Abstract:
In order to improve uniformity of temperature distribution, despite heat which is generated in a resistance circuit and flows into a support part thereby causing a high output, a resistance circuit is provided with first, second and third regions having different resistance values so that the third region which is in proximity to the support part has the highest resistance value.

Description:
BACKGROUND OF THE INVENTION 
     1. Field of the Invention 
     The present invention relates to a resistance temperature sensor, and more particularly, it relates to a resistance temperature utilizing a property such that the resistance value of a resistor is varied with the temperature. 

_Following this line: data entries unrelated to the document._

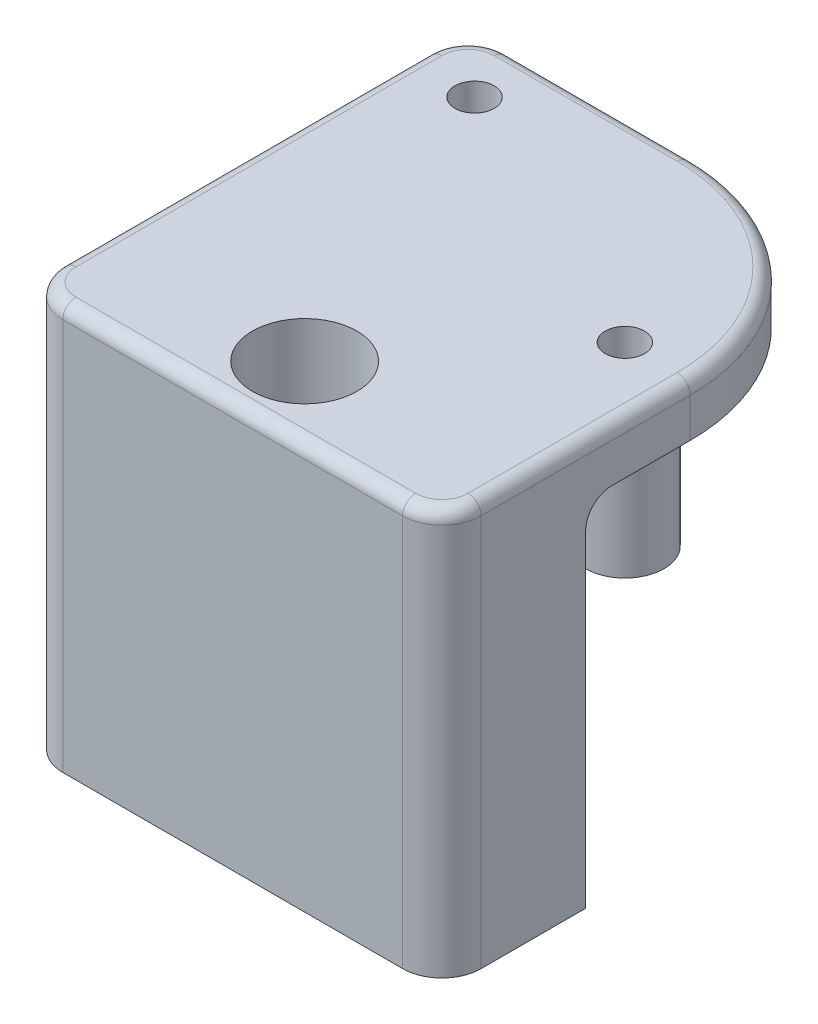
from build123d import *

# Parameters (mm, degrees)
SKETCH_1_W          = 32
SKETCH_1_H          = 11
SKETCH_1_R          = 1.6
EXTRUDE_1_DEPTH     = 27
SKETCH_2_R          = 1.5
EXTRUDE_2_DEPTH     = 4
FILLET_3_R          = 3
FILLET_4_R          = 3
CUT_EXTRUDE_START   = 10
SKETCH_3_R          = 4
CUT_EXTRUDE_1_DEPTH = 15
FILLET_5_R          = 2
EXTRUDE_START       = 9.5
SKETCH_4_R          = 3
SKETCH_4_R_2        = 1.5
EXTRUDE_3_DEPTH     = 9.5
FILLET_6_R          = 1


with BuildPart() as part:
    # Эскиз1 → Бобышка-Вытянуть1 (new body)
    with BuildSketch(Plane(origin=(0, 0, 0), x_dir=(1, 0, 0), z_dir=(0, 1, 0))):
        with Locations((16, 5.5)):
            Rectangle(SKETCH_1_W, SKETCH_1_H)
        with Locations((16, 5.5)):
            Circle(SKETCH_1_R, mode=Mode.SUBTRACT)
    extrude(amount=EXTRUDE_1_DEPTH)

    # Эскиз2 → Бобышка-Вытянуть2 (add)
    with BuildSketch(Plane(origin=(0, 27, 0), x_dir=(1, 0, 0), z_dir=(0, 1, 0))):
        with BuildLine():
            Line((32, 0), (32, 19))
            ThreePointArc((32, 19), (27.606601718, 29.606601718), (17, 34))
            Line((17, 34), (3, 34))
            ThreePointArc((3, 34), (0.878679656, 33.121320344), (0, 31))
            Line((0, 31), (0, 0))
            Line((0, 0), (32, 0))
        make_face()
        with Locations((5, 29.5)):
            Circle(SKETCH_2_R, mode=Mode.SUBTRACT)
        with Locations((27, 19)):
            Circle(SKETCH_2_R, mode=Mode.SUBTRACT)
    extrude(amount=EXTRUDE_2_DEPTH)

    # Скругление3
    fillet_3_edges = [part.edges().sort_by_distance(p)[0] for p in [
        (32, 15.5, 0),
    ]]
    fillet(fillet_3_edges, radius=FILLET_3_R)

    # Скругление4
    fillet_4_edges = [part.edges().sort_by_distance(p)[0] for p in [
        (0, 15.5, 0),
    ]]
    fillet(fillet_4_edges, radius=FILLET_4_R)

    # Эскиз3 → Вырез-Вытянуть1 (cut)
    with BuildSketch(Plane.XZ.offset(-27).offset(CUT_EXTRUDE_START)):
        with Locations((16, -5.5)):
            Circle(SKETCH_3_R)
    extrude(amount=-CUT_EXTRUDE_1_DEPTH, mode=Mode.SUBTRACT)

    # Скругление5
    fillet_5_edges = [part.edges().sort_by_distance(p)[0] for p in [
        (16, 27, -11),
    ]]
    fillet(fillet_5_edges, radius=FILLET_5_R)

    # Эскиз4 → Бобышка-Вытянуть3 (add)
    with BuildSketch(Plane.XZ.offset(-27).offset(EXTRUDE_START)):
        with Locations((27, -19)):
            Circle(SKETCH_4_R)
        with Locations((27, -19)):
            Circle(SKETCH_4_R_2, mode=Mode.SUBTRACT)
    extrude(amount=-EXTRUDE_3_DEPTH)

    # Скругление6
    fillet_6_edges = [part.edges().sort_by_distance(p)[0] for p in [
        (32, 31, -11),
        (27.606601718, 31, -29.606601718),
        (10, 31, -34),
        (0.878679656, 31, -33.121320344),
        (0, 31, -17),
        (31.121320344, 31, -0.878679656),
        (16, 31, 0),
        (0.878679656, 31, -0.878679656),
    ]]
    fillet(fillet_6_edges, radius=FILLET_6_R)


solid = part.part
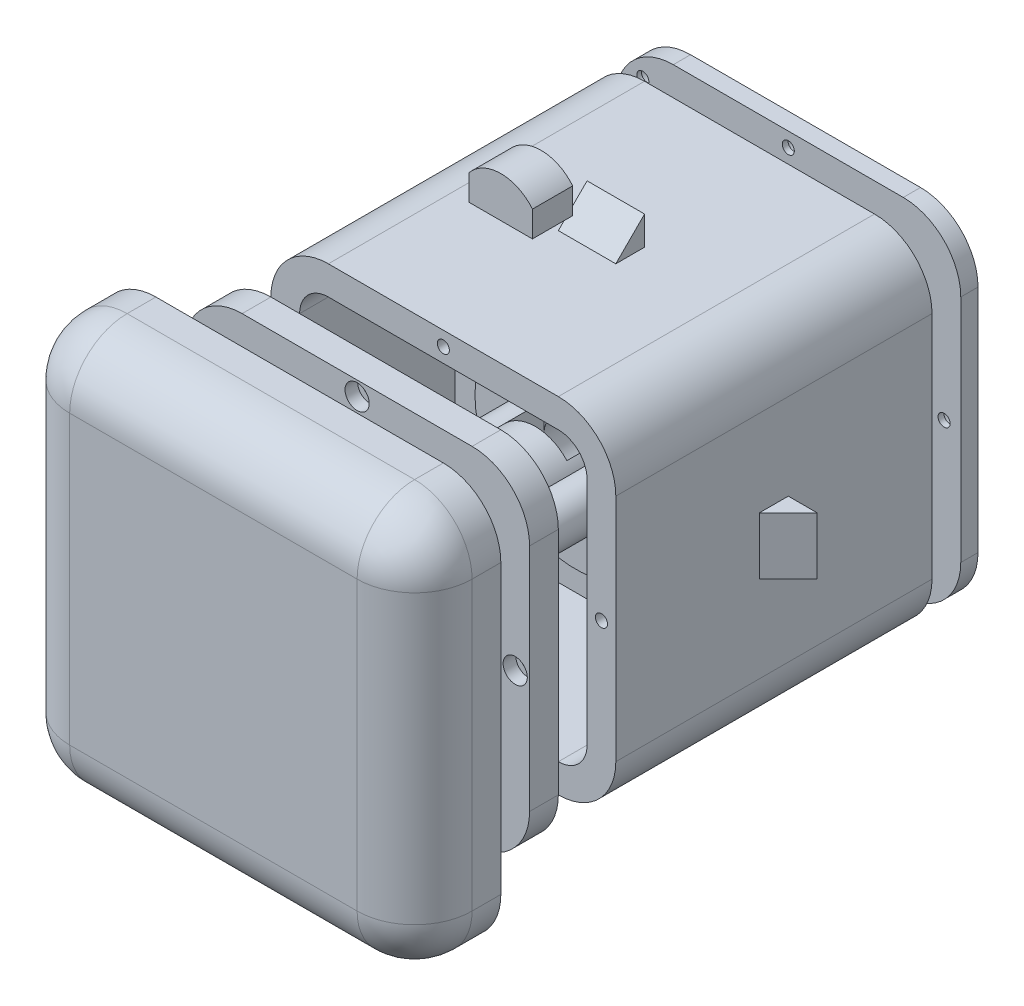
from build123d import *

# Parameters (mm, degrees)
SKETCH2_W                = 60
SKETCH2_H                = 60
BODY_DEPTH               = 60
FILLET7_R                = 10
SHELL8_T                 = -5
SKETCH17_W               = 70
SKETCH17_H               = 70
CAP_LOWER_DEPTH          = 15
FILLET9_R                = 10
BOSS_EXTRUDE1_DEPTH      = 18
BOSS_EXTRUDE1_DEPTH_BACK = 30
SKETCH21_R               = 7.5
SKETCH22_R               = 17.5
BOSS_EXTRUDE2_DEPTH      = 2
BOSS_EXTRUDE7_DEPTH      = 21
BOSS_EXTRUDE8_DEPTH      = 3
SKETCH103_R              = 8.5
CUT_EXTRUDE25_DEPTH      = 3
SKETCH104_R              = 9.5
BOSS_EXTRUDE9_DEPTH      = 3
SKETCH105_R              = 8.5
CUT_EXTRUDE26_DEPTH      = 3
CUT_EXTRUDE27_DEPTH      = 5
BOSS_EXTRUDE10_DEPTH     = 3
CUT_EXTRUDE30_DEPTH      = 10
SKETCH128_R              = 1.05
CUT_EXTRUDE33_DEPTH      = 7
CUT_EXTRUDE34_DEPTH      = 3
CUT_EXTRUDE34_DEPTH_BACK = 7.1
SKETCH129_R              = 1
SKETCH130_R              = 2.2
CUT_EXTRUDE35_DEPTH      = 2.2
SKETCH131_R              = 2.2
CUT_EXTRUDE36_DEPTH      = 2
CHAMFER3_START           = -10.419708029
CHAMFER3_3_DEPTH         = 14.739416058
SKETCH145_R              = 1.05
CUT_EXTRUDE40_DEPTH      = 11
CUT_EXTRUDE43_DEPTH      = 6
CUT_EXTRUDE43_DEPTH_BACK = 26
SKETCH151_R              = 5.5
CUT_EXTRUDE44_DEPTH      = 2.5
CUT_EXTRUDE44_DEPTH_BACK = 7
BOSS_EXTRUDE13_DEPTH     = 7
CUT_EXTRUDE58_DEPTH      = 5
SKETCH201_R              = 1
CUT_EXTRUDE59_DEPTH      = 15
SKETCH202_R              = 2.1
CUT_EXTRUDE60_DEPTH      = 2.2
SKETCH204_R              = 1.05
CUT_EXTRUDE61_DEPTH      = 7
CUT_EXTRUDE62_DEPTH      = 12
SKETCH206_W              = 12
SKETCH206_H              = 38
BOSS_EXTRUDE16_DEPTH     = 28
SKETCH213_W              = 3.696990866
SKETCH213_H              = 8
CUT_EXTRUDE64_DEPTH      = 1.5
CUT_EXTRUDE65_START      = -11
SKETCH215_R              = 1.05
CUT_EXTRUDE65_DEPTH      = 11
SHELL9_T                 = -5
FILLET15_R               = 10
FILLET16_R               = 10
BOSS_EXTRUDE17_DEPTH     = 8
CUT_EXTRUDE66_DEPTH      = 8
SKETCH234_R              = 1.5
CUT_EXTRUDE73_DEPTH      = 1.2
SKETCH235_R              = 0.8
CUT_EXTRUDE74_DEPTH      = 9
SKETCH391_W              = 3
SKETCH391_H              = 35
BOSS_EXTRUDE25_DEPTH     = 10
CUT_EXTRUDE75_START      = -10
CUT_EXTRUDE75_DEPTH      = 10
BOSS_EXTRUDE18_DEPTH     = 8
CUT_EXTRUDE76_DEPTH      = 8
SKETCH251_R              = 5.05
CUT_EXTRUDE79_DEPTH      = 15
SKETCH303_W              = 10
SKETCH303_H              = 5
BOSS_EXTRUDE19_DEPTH     = 5
CUT_EXTRUDE80_DEPTH      = 10
SKETCH305_W              = 5
SKETCH305_H              = 10
BOSS_EXTRUDE20_DEPTH     = 5
CUT_EXTRUDE81_DEPTH      = 10
SKETCH322_W              = 10
SKETCH322_H              = 37
CUT_EXTRUDE87_DEPTH      = 25
SKETCH336_W              = 8.67183587
SKETCH336_H              = 9.412023997
CUT_EXTRUDE96_DEPTH      = 1
SKETCH338_R              = 1.55
BOSS_EXTRUDE21_DEPTH     = 2.1
SKETCH339_R              = 1.05
CUT_EXTRUDE98_DEPTH      = 3
BOSS_EXTRUDE24_START     = 5
BOSS_EXTRUDE24_DEPTH     = 5
SKETCH371_R              = 1.05
CUT_EXTRUDE104_DEPTH     = 5
CUT_EXTRUDE105_DEPTH     = 5
SKETCH373_W              = 10
SKETCH373_H              = 25
CUT_EXTRUDE106_DEPTH     = 5
SKETCH374_R              = 2.1
CUT_EXTRUDE107_DEPTH     = 2.2


with BuildPart() as part:
    # Sketch2 → Body (new body)
    with BuildSketch(Plane.XY):
        Rectangle(SKETCH2_W, SKETCH2_H)
    extrude(amount=BODY_DEPTH)

    # Fillet7
    fillet7_edges = [part.edges().sort_by_distance(p)[0] for p in [
        (30, -30, 30),
        (-30, -30, 30),
        (-30, 30, 30),
        (30, 30, 30),
    ]]
    fillet(fillet7_edges, radius=FILLET7_R)

    # Shell8
    shell8_openings = [part.faces().sort_by_distance(p)[0] for p in [
        (0, 0, 60),
    ]]
    offset(amount=SHELL8_T, openings=shell8_openings, kind=Kind.INTERSECTION)

    # Sketch102 → Boss-Extrude8 (add)
    with BuildSketch(Plane.XY.offset(30)):
        with BuildLine():
            Line((-17.5, 26), (17.5, 26))
            ThreePointArc((17.5, 26), (24.571067812, 23.071067812), (27.5, 16))
            Line((27.5, 16), (27.5, -16))
            ThreePointArc((27.5, -16), (24.571067812, -23.071067812), (17.5, -26))
            Line((17.5, -26), (-17.5, -26))
            ThreePointArc((-17.5, -26), (-24.571067812, -23.071067812), (-27.5, -16))
            Line((-27.5, -16), (-27.5, 16))
            ThreePointArc((-27.5, 16), (-24.571067812, 23.071067812), (-17.5, 26))
        make_face()
    extrude(amount=BOSS_EXTRUDE8_DEPTH)

    # Sketch103 → Cut-Extrude25 (cut)
    with BuildSketch(Plane.XY.offset(33)):
        Circle(SKETCH103_R)
    extrude(amount=-CUT_EXTRUDE25_DEPTH, mode=Mode.SUBTRACT)

    # Sketch104 → Boss-Extrude9 (add)
    with BuildSketch(Plane.XY.offset(33)):
        Circle(SKETCH104_R)
    extrude(amount=BOSS_EXTRUDE9_DEPTH)

    # Sketch105 → Cut-Extrude26 (cut)
    with BuildSketch(Plane.XY.offset(36)):
        Circle(SKETCH105_R)
    extrude(amount=-CUT_EXTRUDE26_DEPTH, mode=Mode.SUBTRACT)

    # Sketch110 → Cut-Extrude27 (cut)
    with BuildSketch(Plane.XY.offset(5)):
        with BuildLine():
            Line((-20, 30), (20, 30))
            ThreePointArc((20, 30), (27.071067812, 27.071067812), (30, 20))
            Line((30, 20), (30, -20))
            ThreePointArc((30, -20), (27.071067812, -27.071067812), (20, -30))
            Line((20, -30), (-20, -30))
            ThreePointArc((-20, -30), (-27.071067812, -27.071067812), (-30, -20))
            Line((-30, -20), (-30, 20))
            ThreePointArc((-30, 20), (-27.071067812, 27.071067812), (-20, 30))
        make_face()
    extrude(amount=-CUT_EXTRUDE27_DEPTH, mode=Mode.SUBTRACT)

    # Sketch145 → Cut-Extrude40 (cut)
    with BuildSketch(Plane.XY.offset(60)):
        with Locations((0, 27.5)):
            Circle(SKETCH145_R)
        with Locations((0, -27.5)):
            Circle(SKETCH145_R)
        with Locations((27.5, 0)):
            Circle(SKETCH145_R)
    cut_extrude40 = extrude(amount=-CUT_EXTRUDE40_DEPTH, mode=Mode.SUBTRACT)

    # Sketch201 → Cut-Extrude59 (cut)
    with BuildSketch(Plane(origin=(0, 0, 5), x_dir=(-1, 0, 0), z_dir=(0, 0, -1))):
        with Locations((25.303300859, 25.303300859)):
            Circle(SKETCH201_R)
        with Locations((25.303300859, -25.303300859)):
            Circle(SKETCH201_R)
    extrude(amount=-CUT_EXTRUDE59_DEPTH, mode=Mode.SUBTRACT)

    # Sketch205 → Cut-Extrude62 (cut)
    with BuildSketch(Plane(origin=(0, 0, 30), x_dir=(-1, 0, 0), z_dir=(0, 0, -1))):
        with BuildLine():
            Line((20, 18.5), (28, 18.5))
            ThreePointArc((28, 18.5), (28.707106781, 18.207106781), (29, 17.5))
            Line((29, 17.5), (29, -17.5))
            ThreePointArc((29, -17.5), (28.707106781, -18.207106781), (28, -18.5))
            Line((28, -18.5), (20, -18.5))
            ThreePointArc((20, -18.5), (19.292893219, -18.207106781), (19, -17.5))
            Line((19, -17.5), (19, 17.5))
            ThreePointArc((19, 17.5), (19.292893219, 18.207106781), (20, 18.5))
        make_face()
    extrude(amount=CUT_EXTRUDE62_DEPTH, mode=Mode.SUBTRACT)

    # Sketch206 → Boss-Extrude16 (add)
    with BuildSketch(Plane.XY.offset(33)):
        with Locations((-24, 0)):
            Rectangle(SKETCH206_W, SKETCH206_H)
    extrude(amount=-BOSS_EXTRUDE16_DEPTH)

    # Sketch213 → Cut-Extrude64 (cut)
    with BuildSketch(Plane(origin=(0, 19, 0), x_dir=(1, 0, 0), z_dir=(0, 1, 0))):
        with Locations((-22.463721022, -19.651313025)):
            Rectangle(SKETCH213_W, SKETCH213_H)
    extrude(amount=-CUT_EXTRUDE64_DEPTH, mode=Mode.SUBTRACT)

    # Sketch215 → Cut-Extrude65 (cut)
    with BuildSketch(Plane(origin=(0, 0, 5), x_dir=(-1, 0, 0), z_dir=(0, 0, -1)).offset(CUT_EXTRUDE65_START)):
        with Locations(Location((0, 27.5, 0), (0, 0, 180))):
            Circle(SKETCH215_R)
        with Locations(Location((0, -27.5, 0), (0, 0, 180))):
            Circle(SKETCH215_R)
        with Locations(Location((-27.5, 0, 0), (0, 0, 180))):
            Circle(SKETCH215_R)
    extrude(amount=CUT_EXTRUDE65_DEPTH, mode=Mode.SUBTRACT)

    # Sketch303 → Boss-Extrude19 (add)
    with BuildSketch(Plane(origin=(0, 30, 0), x_dir=(1, 0, 0), z_dir=(0, 1, 0))):
        with Locations((0, -32.5)):
            Rectangle(SKETCH303_W, SKETCH303_H)
    boss_extrude19 = extrude(amount=BOSS_EXTRUDE19_DEPTH)

    # Sketch304 → Cut-Extrude80 (cut)
    with BuildSketch(Plane(origin=(5, 0, 0), x_dir=(0, 0, -1), z_dir=(1, 0, 0))):
        Polygon((-35, 30), (-30, 35), (-35, 35), align=None)
    cut_extrude80 = extrude(amount=-CUT_EXTRUDE80_DEPTH, mode=Mode.SUBTRACT)

    # Mirror1: Boss-Extrude19, Cut-Extrude80 across plane
    add(boss_extrude19.mirror(Plane.ZX))
    add(cut_extrude80.mirror(Plane.ZX), mode=Mode.SUBTRACT)

    # Sketch305 → Boss-Extrude20 (add)
    with BuildSketch(Plane(origin=(30, 0, 0), x_dir=(0, 0, -1), z_dir=(1, 0, 0))):
        with Locations((-32.5, 0)):
            Rectangle(SKETCH305_W, SKETCH305_H)
    boss_extrude20 = extrude(amount=BOSS_EXTRUDE20_DEPTH)

    # Sketch306 → Cut-Extrude81 (cut)
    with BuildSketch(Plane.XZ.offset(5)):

     2. Description of the Background Art 
     FIG. 6 shows a conventional resistance temperature sensor 1, which is of interest to the present invention. This resistance temperature sensor 1 comprises an electrical insulating substrate 2 which is made of alumina, for example. A support part 3 is provided on one side portion of the insulating substrate 2 to be in contact with a member for supporting the resistance temperature sensor 1, while a circuit part 4 is provided on another side portion thereof. A zigzagging resistance circuit 5 is formed on the circuit part 4 of the insulating substrate 2. The resistance circuit 5, which is formed by a metal thin film of platinum, for example, is given a zigzagging form in the following manner: 
     A metal thin film is formed over the entire surface of the circuit part 4 of the insulating substrate 2 by sputtering, plating or baking with organic metal resinate, and provided with grooves 6 by irradiation with a laser, dry etching or wet etching. These grooves 6 divide the metal thin film, to define the zigzagging resistance circuit 5. A groove 7 which is formed by a similar method defines a boundary between terminal electrodes 8 and 9, which are connected with respective end portions of the resistance circuit 5. Further, grooves 10 are formed by a similar method along peripheral edges of the insulating substrate 2. Even if the metal thin film is partially separated from an end thereof, such separation is effectively stopped by a corresponding one of the grooves 10. Metal thin films defining the terminal electrodes 8 and 9 are formed simultaneously with the metal thin film forming the circuit part 4. 
     The terminal electrodes 8 and 9 are connected with lead wires (not shown) respectively. 
     In order to attain a high output in such a resistance temperature sensor 1, it is preferable to maximize the width of a region having a uniform temperature which is affected by heat generation of the resistance circuit 5. To this end, the metal thin films provided in the circuit part 4 are formed with constant thicknesses and the resistance circuit 5 is formed with a constant circuit width in general. Namely, resistance values in the respective portions are set at constant levels over the entire resistance circuit 5, so that the overall resistance circuit 5 uniformly generates heat. 
     When the resistance circuit 5 of the resistance temperature sensor 1 having the aforementioned structure is energized and subjected to measurement of temperature distribution, however, a result shown in the lower part of FIG. 6 is obtained. It is understood from FIG. 6 that relatively large heat escape based on heat conduction or the like exists at a side portion of the circuit part 4 which is close to the support part 3, i.e., a non-heating part, leading to a tendency to increase heat loss and thereby reduce uniformity of temperature distribution. Therefore, an output characteristic of the resistance temperature sensor 1 with respect to temperature change is reduced. 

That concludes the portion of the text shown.